* _What is required_:
Please give back word for word the lines of the material below between the line containing "- moved Q2 1.54 mm to (97.0, 83.3)" and the line containing "- moved U1 0.67 mm to (162.9, 95.1)", inclusive.

Records supplied Start Marker

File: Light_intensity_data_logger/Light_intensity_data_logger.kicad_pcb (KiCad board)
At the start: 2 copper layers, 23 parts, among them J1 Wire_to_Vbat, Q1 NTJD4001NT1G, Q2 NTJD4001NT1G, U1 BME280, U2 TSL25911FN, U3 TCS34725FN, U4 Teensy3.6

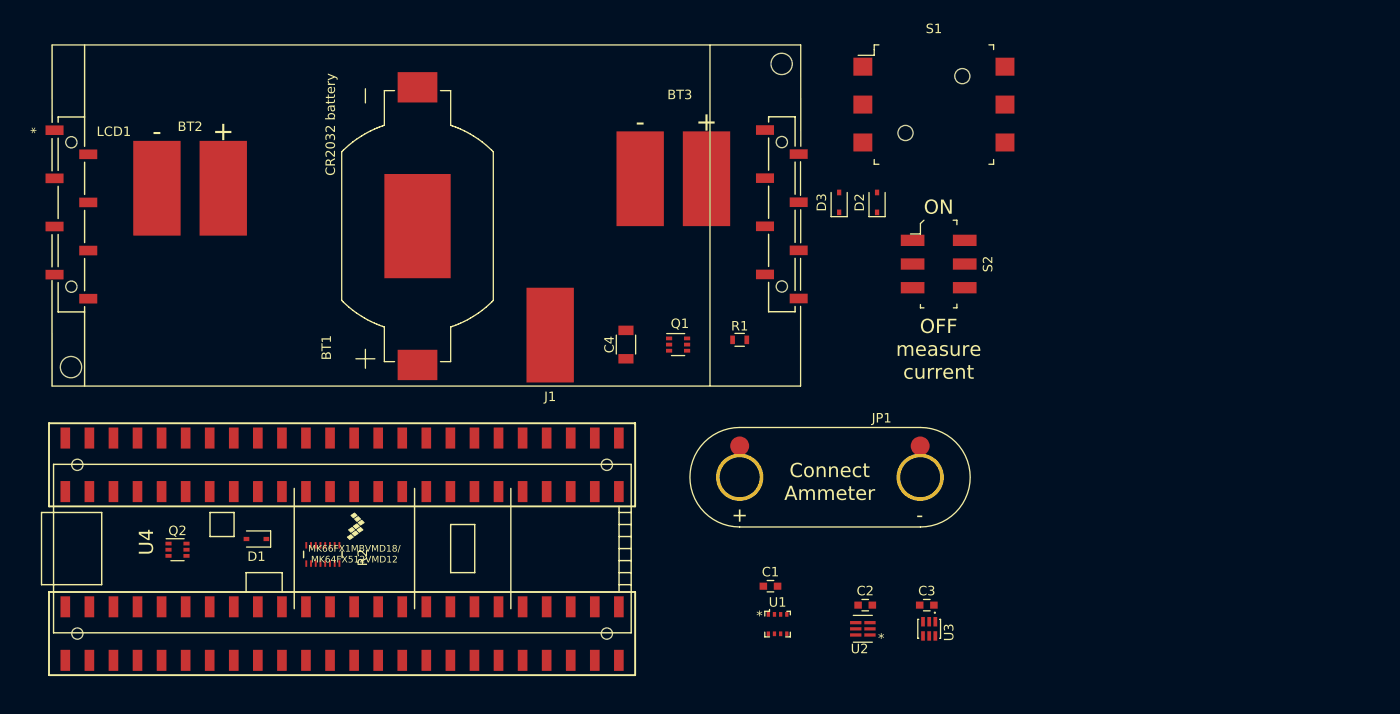
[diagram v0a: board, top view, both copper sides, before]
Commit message: Sensors connected in PCB layout
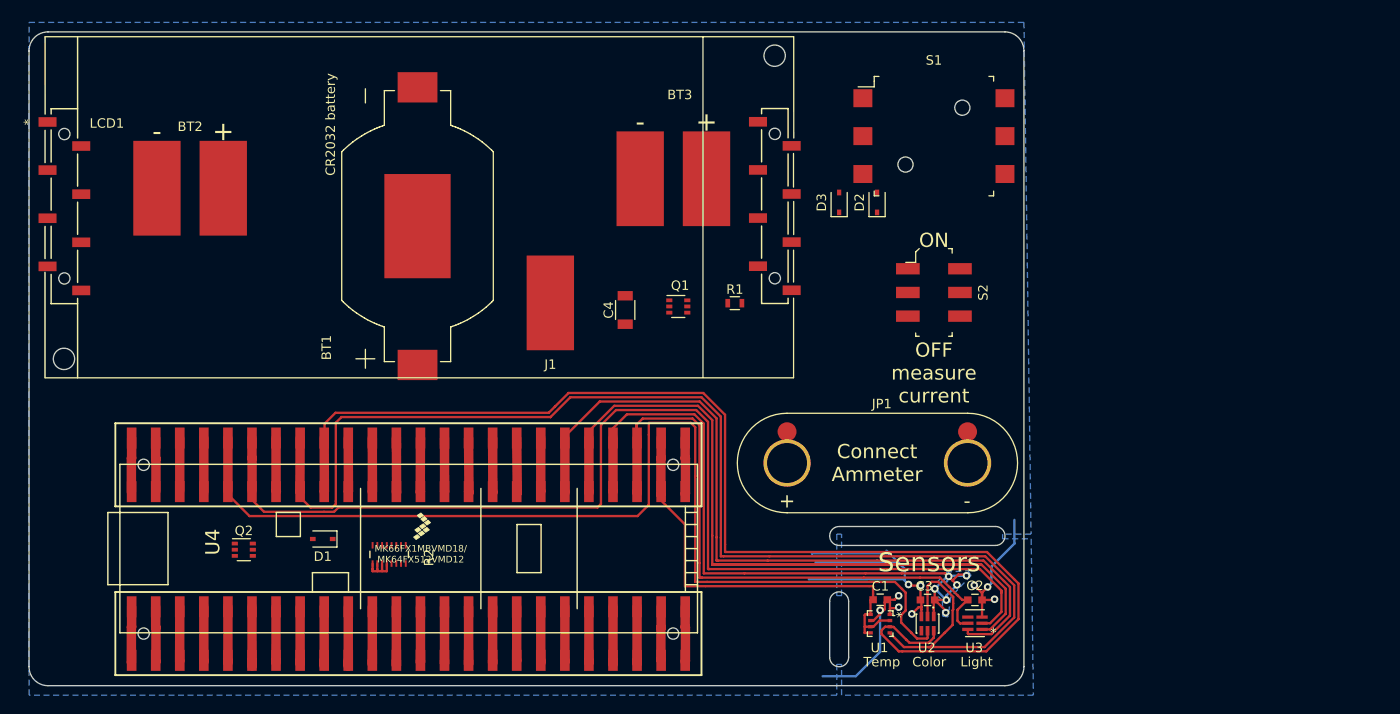
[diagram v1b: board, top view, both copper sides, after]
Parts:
- R2: value EXB-2HV103JV_-_8x10k_resistor_array -> EXB-2HV472JV_-_8x4.7k_resistor_array
- moved U3 11.8 mm to (172.8, 94.4)
- moved C1 11.7 mm to (162.8, 91.9), turned to 180 degrees
- moved C2 11.6 mm to (172.8, 92.0)
- moved U1 10.8 mm to (162.8, 94.5), turned to 270 degrees
- moved D1 7.00 mm to (104.0, 85.5)
- moved Q2 7.00 mm to (95.7, 86.7)
- moved R2 7.00 mm to (111.0, 87.2)
- moved U4 7.00 mm to (82.0, 100.0)
- moved JP1 5.22 mm to (153.0, 77.5)
- moved Q1 4.02 mm to (141.5, 61.0)
- moved R1 3.90 mm to (147.5, 60.6)
- moved C4 3.65 mm to (135.9, 61.4)
- moved J1 3.40 mm to (128.0, 60.6)
- moved S1 3.33 mm to (168.5, 43.0)
- moved S2 3.04 mm to (168.5, 59.5)
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- renumbered U3 to U2, U2 to U3
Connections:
- R2 pad 5: /SDA2 -> /SDA0
- R2 pad 6: /SCL2 -> /SCL0
- U2 pad 2: /SCL2 -> /SCL0
- U2 pad 6: /SDA2 -> /SDA0
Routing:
- net /SCL0: track 0.00 -> 140.5 mm
- net /SCL1: track 0.00 -> 130.9 mm
- net /SDA0: track 0.00 -> 127.1 mm
- net /21*: track 0.00 -> 117.3 mm
- net /22*: track 0.00 -> 112.0 mm
- net GND: track 0.00 -> 89.3 mm, vias 0 -> 9
- net /SDA1: track 0.00 -> 80.0 mm
- net /36: track 0.00 -> 76.5 mm, vias 0 -> 6
- net /35: track 0.00 -> 65.4 mm
- net /34: track 0.00 -> 45.0 mm
- net /3v3: track 0.00 -> 12.1 mm
- net /I2C_Pullup: track 0.00 -> 11.1 mm
- net Net-(U4-Pad10): track 0.00 -> 6.88 mm
- net /SDA2: track 0.00 -> 6.82 mm
- net /7*: track 0.00 -> 6.76 mm
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- added copper zone on B.Cu, net /36
- added copper zone on B.Cu, net GND
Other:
- board outline added: 105 x 69 mm
- board text added: "CUTOUT"
- board text added: "Color"
- board text added: "Light"
- board text added: "Sensors"
- board text added: "Temp"

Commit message: Teensy flipped sensors rewired
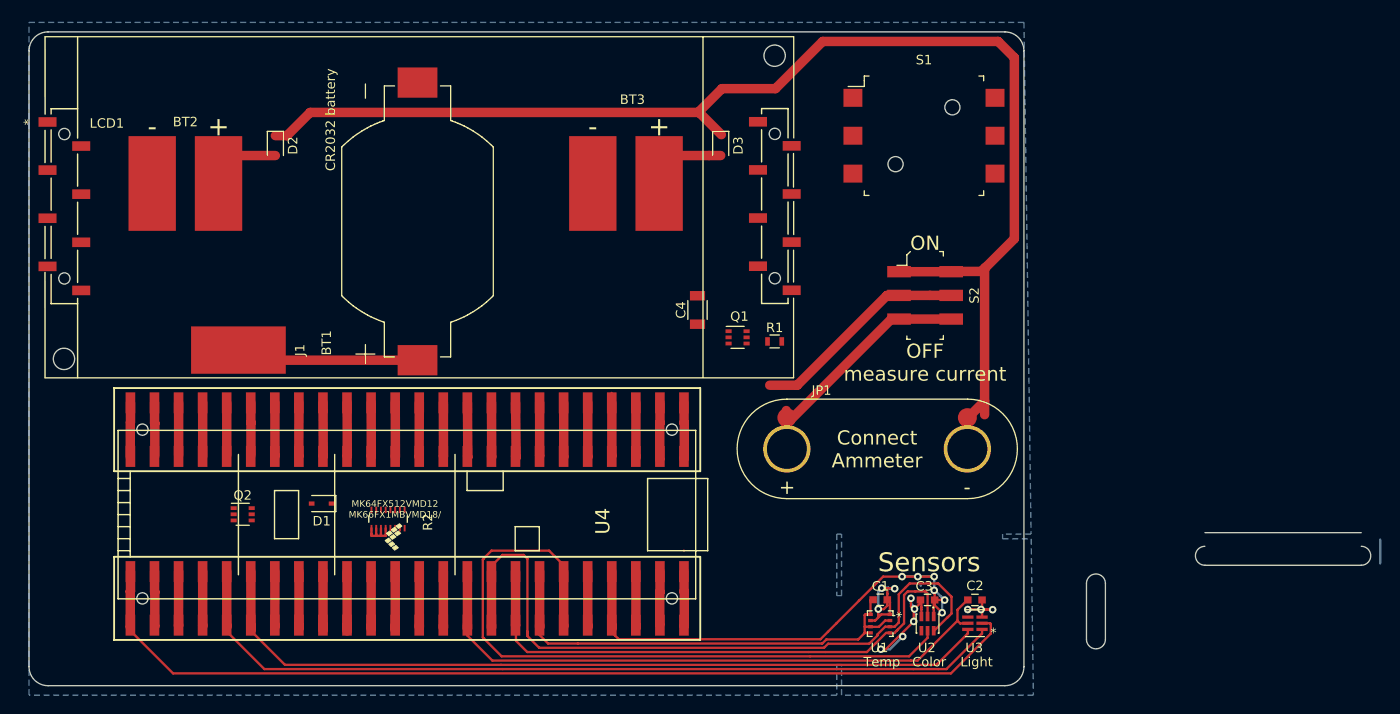
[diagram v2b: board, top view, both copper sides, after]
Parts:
- moved U4 69.0 mm to (143.9, 69.5), turned to 270 degrees
- moved D2 63.8 mm to (99.0, 44.0), turned to 270 degrees
- moved J1 33.3 mm to (95.1, 65.6), turned to 270 degrees
- moved D3 13.9 mm to (146.0, 44.0), turned to 270 degrees
- moved C4 7.63 mm to (143.6, 61.4)
- moved Q1 7.06 mm to (147.8, 64.2)
- moved R1 5.83 mm to (151.7, 64.7)
- moved BT3 5.02 mm to (136.0, 48.0)
- moved Q2 3.74 mm to (95.5, 82.9)
- moved R2 3.74 mm to (110.9, 83.4)
- moved D1 3.74 mm to (103.9, 81.8)
- moved JP1 1.49 mm to (153.0, 76.0)
- moved S1 1.05 mm to (167.4, 43.0)
- moved S2 0.98 mm to (167.6, 59.8)
- moved BT2 0.71 mm to (89.5, 48.0)
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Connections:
- C1 pad 2: /34 -> /20
- C2 pad 1: /35 -> /17
- C3 pad 2: /36 -> /23
- Q2 pad 5: /17 -> /36
- U1 pad 2: /34 -> /20
- U1 pad 5: /34 -> /20
- U1 pad 6: /34 -> /20
- U1 pad 8: /34 -> /20
- U2 pad 1: /36 -> /23
- U2 pad 5: /22* -> /21*
- U3 pad 2: /21* -> /33*
- U3 pad 5: /35 -> /17
- U4 pad 30: Net-(U4-Pad30) -> /33*
- U4 pad 47: Net-(U4-Pad47) -> /20
- U4 pad 50: Net-(U4-Pad50) -> /23
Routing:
- net Net-(D2-Pad1): track 0.00 -> 140.5 mm
- net /22*: track 112.0 -> 6.20 mm
- net /33*: track 0.00 -> 103.0 mm
- net /SCL0: track 140.5 -> 57.7 mm
- net /36: track 76.5 -> 5.98 mm, vias 6 -> 0
- net /17: track 5.66 -> 66.1 mm
- net /35: track 65.4 -> 5.90 mm
- net /23: track 0.00 -> 58.4 mm, vias 0 -> 6
- net /SDA0: track 127.1 -> 74.1 mm
- net /20: track 0.00 -> 49.9 mm
- net /21*: track 117.3 -> 73.9 mm
- net /SCL1: track 130.9 -> 90.2 mm
- net /34: track 45.0 -> 5.80 mm
- net Net-(JP1-Pad1): track 0.00 -> 28.7 mm
- net GND: track 89.3 -> 65.5 mm, vias 9 -> 11
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- removed copper zone on B.Cu, net /36
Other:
- board size 105 x 69 mm -> 141.6 x 69 mm

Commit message: All but left monitor wired
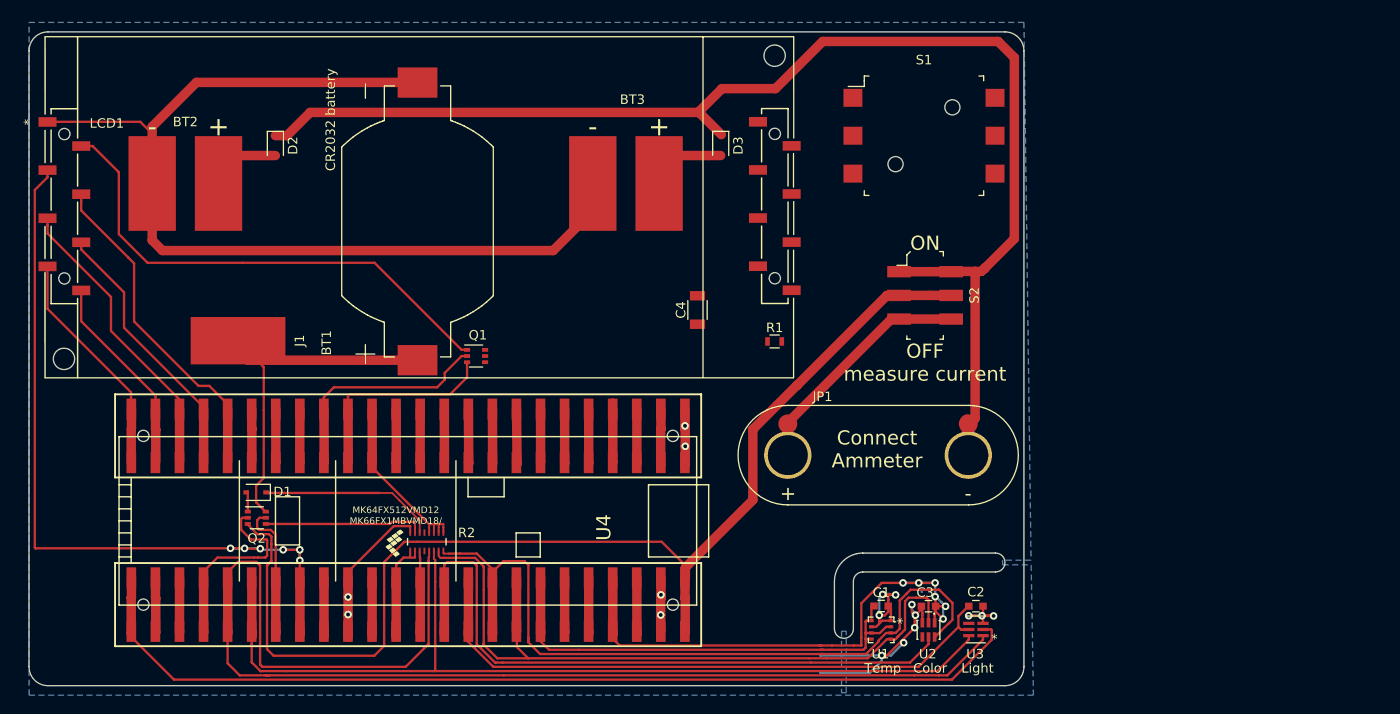
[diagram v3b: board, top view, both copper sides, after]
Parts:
- moved Q1 27.7 mm to (120.2, 66.2)
- moved D1 7.01 mm to (97.0, 80.6)
- moved R2 4.74 mm to (115.0, 85.8), turned to 90 degrees
- moved Q2 1.54 mm to (97.0, 83.3)
- moved J1 0.99 mm to (95.1, 64.6)
- moved JP1 0.67 mm to (153.1, 76.7)
- moved C1 0.67 mm to (162.9, 92.6)
- moved C2 0.67 mm to (172.9, 92.6)
- moved C3 0.67 mm to (167.9, 92.6)
- moved U1 0.67 mm to (162.9, 95.1)
- moved U2 0.67 mm to (167.9, 95.1)
- moved U3 0.67 mm to (172.9, 95.1)
- moved U4 0.67 mm to (144.0, 70.1)
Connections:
- net Net-(U4-Pad10) renamed /8
- Q1 pad 2: /5 -> /24
- Q2 pad 1: Net-(BT1-Pad+) -> Net-(D1-Pad2)
- Q2 pad 2: /16* -> /36
- Q2 pad 5: /36 -> /39
- Q2 pad 6: Net-(D1-Pad2) -> Net-(BT1-Pad+)
- R2 pad 1: /A1 -> /A0
- R2 pad 2: /A1 -> /A0
- R2 pad 3: /A0 -> /A1
- R2 pad 5: /SDA0 -> /SCL1
- R2 pad 6: /SCL0 -> /SDA1
- R2 pad 7: /SCL1 -> /SCL0
- R2 pad 8: /SDA1 -> /SDA0
- U2 pad 5: /21* -> /16*
- U4 pad 16: /DB0 -> /24
- U4 pad 17: /DB1 -> Net-(U4-Pad17)
- U4 pad 18: /DB2 -> Net-(U4-Pad18)
- U4 pad 19: /DB3 -> Net-(U4-Pad19)
- U4 pad 2: /RS -> Net-(U4-Pad2)
- U4 pad 20: /DB4 -> /RS
- U4 pad 21: /DB5 -> /E
- U4 pad 22: /DB6 -> /RW
- U4 pad 23: /DB7 -> /DB1
- U4 pad 24: /E -> /DB0
- U4 pad 3: /RW -> Net-(U4-Pad3)
- U4 pad 36: Net-(U4-Pad36) -> /39
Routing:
- net GND: track 65.5 -> 195.5 mm, vias 11 -> 17
- net /Vin: track 28.9 -> 123.3 mm
- net /DAC0: track 6.38 -> 84.1 mm, vias 0 -> 6
- net /21*: track 73.9 -> 7.07 mm
- net /16*: track 6.34 -> 71.0 mm
- net Net-(LCD1-Pad2): track 0.00 -> 53.5 mm
- net /SCL1: track 90.2 -> 136.6 mm
- net /RS: track 6.00 -> 35.4 mm
- net /RW: track 5.92 -> 31.7 mm
- net /24: track 0.00 -> 24.3 mm
- net /E: track 5.71 -> 28.5 mm
- net Net-(BT1-Pad+): track 18.9 -> 41.5 mm
- net /SCL0: track 57.7 -> 77.0 mm
- net Net-(D1-Pad1): track 0.00 -> 18.9 mm
- net /DB0: track 5.67 -> 24.5 mm
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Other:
- board size 141.6 x 69 mm -> 105 x 69 mm
- board text removed: "Sensors"

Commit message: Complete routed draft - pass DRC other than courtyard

Records supplied End Marker

* _Finished exercise_:
- moved Q2 1.54 mm to (97.0, 83.3)
- moved J1 0.99 mm to (95.1, 64.6)
- moved JP1 0.67 mm to (153.1, 76.7)
- moved C1 0.67 mm to (162.9, 92.6)
- moved C2 0.67 mm to (172.9, 92.6)
- moved C3 0.67 mm to (167.9, 92.6)
- moved U1 0.67 mm to (162.9, 95.1)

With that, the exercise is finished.